Step 3: Monitor SQLite Updates and Documentation Revisions
The discrepancy between observed behavior and documentation may stem from legacy constraints that no longer apply. Review SQLite’s changelog for FTS5 updates, particularly around token limits. If the limit is enforced in newer versions, conditionally apply token limits based on the SQLite version:
-- Check SQLite version
SELECT sqlite_version();
-- Use 64 tokens for versions ≥ 3.35.0, else 70
SELECT
snippet(fts_table, 0, '<b>', '</b>', '…',
CASE
WHEN CAST(substr(sqlite_version(), 1, 4) AS REAL) >= 3.35 THEN 64
ELSE 70
END
)
FROM fts_table;
Step 4: Implement Application-Level Snippet Truncation
If consistency across tokenizers is critical, use a lower token limit and truncate snippets programmatically. For example, request 64 tokens but trim the result to 200 characters:
# Python example: Truncate snippet after 200 characters
snippet = cursor.execute("SELECT snippet(...)").fetchone()[0]

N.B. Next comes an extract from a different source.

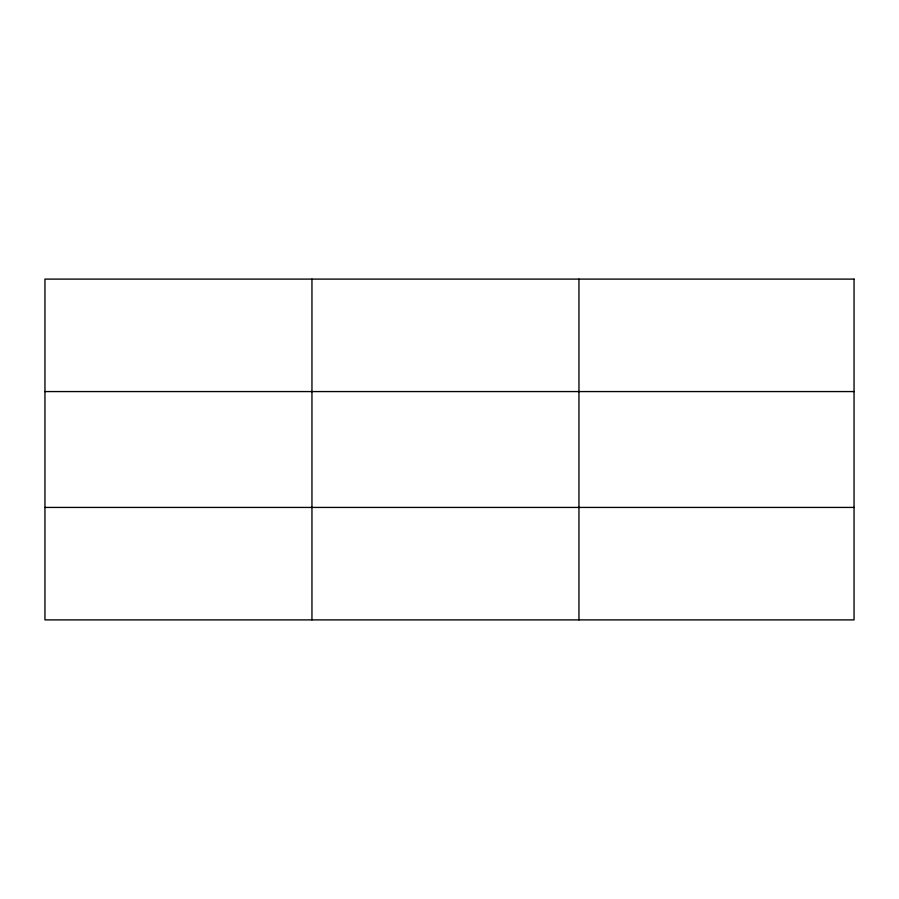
<?xml version="1.0" encoding="UTF-8"?>
<svg xmlns="http://www.w3.org/2000/svg" width="899" height="899" viewBox="0 0 899 899"><rect width="100%" height="100%" fill="white"/><g stroke="black" fill="none" stroke-linecap="round" stroke-linejoin="round"><path stroke-width="1.35" d="M311.953 619.894L311.953 279.106M578.956 619.894L578.956 279.106M44.95 391.571L854.05 391.571M44.95 507.429L854.05 507.429M854.05 279.106L854.05 619.894L44.95 619.894L44.95 279.106L854.05 279.106"/></g></svg>

truncated_snippet = snippet[:200] + '…' if len(snippet) > 200 else snippet
Step 5: Redesign Tokenizer Strategy for Balanced Snippet Granularity
If trigram tokenization forces impractical token limits, consider hybrid tokenization. Use a word tokenizer with partial trigram support for specific columns:
-- Create a trigram-virtual table for specific fields
CREATE VIRTUAL TABLE fts_hybrid USING fts5(
content,
tokenize = 'unicode61 separators " -_" trigram'
);
This approach allows word-based snippet limits while retaining trigram search capabilities for complex queries.
Final Recommendation
The FTS5 snippet function’s token limit is tokenizer-dependent and should be treated as a flexible parameter. For trigram tokenizers, values up to 70 tokens are empirically stable, but monitor SQLite updates for changes. Always benchmark snippet lengths against your data’s token distribution to ensure usability.